• _PROVIDED DATA_:
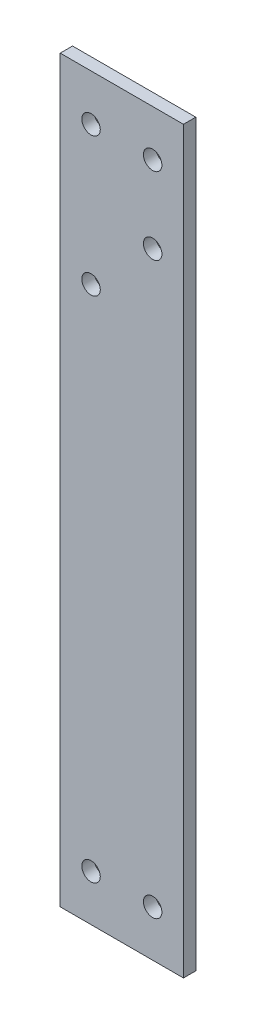
SolidWorks part; units mm, degrees
ref_plane "Plan de face" through (0, 0, 0) normal (0, 0, 1) x (1, 0, 0)
ref_plane "Plan de dessus" through (0, 0, 0) normal (0, 1, 0) x (1, 0, 0)
ref_plane "Plan de droite" through (0, 0, 0) normal (1, 0, 0) x (0, 0, -1)
sketch "Esquisse1" plane through (0, 0, 0) normal (0, 0, 1) x (1, 0, 0)
  line L1 (-10, 60) -> (10, 60)
  line L2 (-10, 60) -> (-10, -60)
  line L3 (-10, -60) -> (10, -60)
  line L4 (10, 60) -> (10, -60)
  line L5 (-10, 60) -> (10, -60) construction
  line L6 (-10, -60) -> (10, 60) construction
  point P0 (0, 0)
  dimension "D1" = 120
  dimension "D2" = 20
extrude "Extrusion1" add sketch "Esquisse1" along normal blind 2
sketch "Esquisse2" plane through (0, 0, 2) normal (0, 0, 1) x (1, 0, 0)
  line L0 (-10, 60) -> (-10, -60) construction
  line L1 (10, 60) -> (-10, 60) construction
  circle A0 centre (-5, 52.5) radius 1.5
  dimension "D3" = 3
  dimension "D1" = 5
  dimension "D2" = 7.5
extrude "Extrusion2" cut sketch "Esquisse2" against normal blind 2
sketch "Esquisse3" plane through (0, 0, 2) normal (0, 0, 1) x (1, 0, 0)
  line L0 (10, -60) -> (10, 60) construction
  line L1 (10, 60) -> (-10, 60) construction
  circle A0 centre (5, 52.5) radius 1.5
  dimension "D1" = 3
  dimension "D2" = 5
  dimension "D3" = 7.5
extrude "Extrusion3" cut sketch "Esquisse3" against normal blind 2
pattern_linear "Répétition linéaire1" count 2 spacing 105 along (0, -1, 0) of "Extrusion2", "Extrusion3"
sketch "Esquisse4" plane through (0, 0, 0) normal (0, 0, -1) x (-1, 0, 0)
  circle A0 centre (-5, 40) radius 1.5
  circle A1 centre (5, 30) radius 1.5
extrude "Enlèv. mat.-Extru.1" cut sketch "Esquisse4" against normal through all

• _TO DO_: Write out the listing above again, exactly, but with no pictures in the copy.

• _ANSWER AREA_:
SolidWorks part; units mm, degrees
ref_plane "Plan de face" through (0, 0, 0) normal (0, 0, 1) x (1, 0, 0)
ref_plane "Plan de dessus" through (0, 0, 0) normal (0, 1, 0) x (1, 0, 0)
ref_plane "Plan de droite" through (0, 0, 0) normal (1, 0, 0) x (0, 0, -1)
sketch "Esquisse1" plane through (0, 0, 0) normal (0, 0, 1) x (1, 0, 0)
  line L1 (-10, 60) -> (10, 60)
  line L2 (-10, 60) -> (-10, -60)
  line L3 (-10, -60) -> (10, -60)
  line L4 (10, 60) -> (10, -60)
  line L5 (-10, 60) -> (10, -60) construction
  line L6 (-10, -60) -> (10, 60) construction
  point P0 (0, 0)
  dimension "D1" = 120
  dimension "D2" = 20
extrude "Extrusion1" add sketch "Esquisse1" along normal blind 2
sketch "Esquisse2" plane through (0, 0, 2) normal (0, 0, 1) x (1, 0, 0)
  line L0 (-10, 60) -> (-10, -60) construction
  line L1 (10, 60) -> (-10, 60) construction
  circle A0 centre (-5, 52.5) radius 1.5
  dimension "D3" = 3
  dimension "D1" = 5
  dimension "D2" = 7.5
extrude "Extrusion2" cut sketch "Esquisse2" against normal blind 2
sketch "Esquisse3" plane through (0, 0, 2) normal (0, 0, 1) x (1, 0, 0)
  line L0 (10, -60) -> (10, 60) construction
  line L1 (10, 60) -> (-10, 60) construction
  circle A0 centre (5, 52.5) radius 1.5
  dimension "D1" = 3
  dimension "D2" = 5
  dimension "D3" = 7.5
extrude "Extrusion3" cut sketch "Esquisse3" against normal blind 2
pattern_linear "Répétition linéaire1" count 2 spacing 105 along (0, -1, 0) of "Extrusion2", "Extrusion3"
sketch "Esquisse4" plane through (0, 0, 0) normal (0, 0, -1) x (-1, 0, 0)
  circle A0 centre (-5, 40) radius 1.5
  circle A1 centre (5, 30) radius 1.5
extrude "Enlèv. mat.-Extru.1" cut sketch "Esquisse4" against normal through all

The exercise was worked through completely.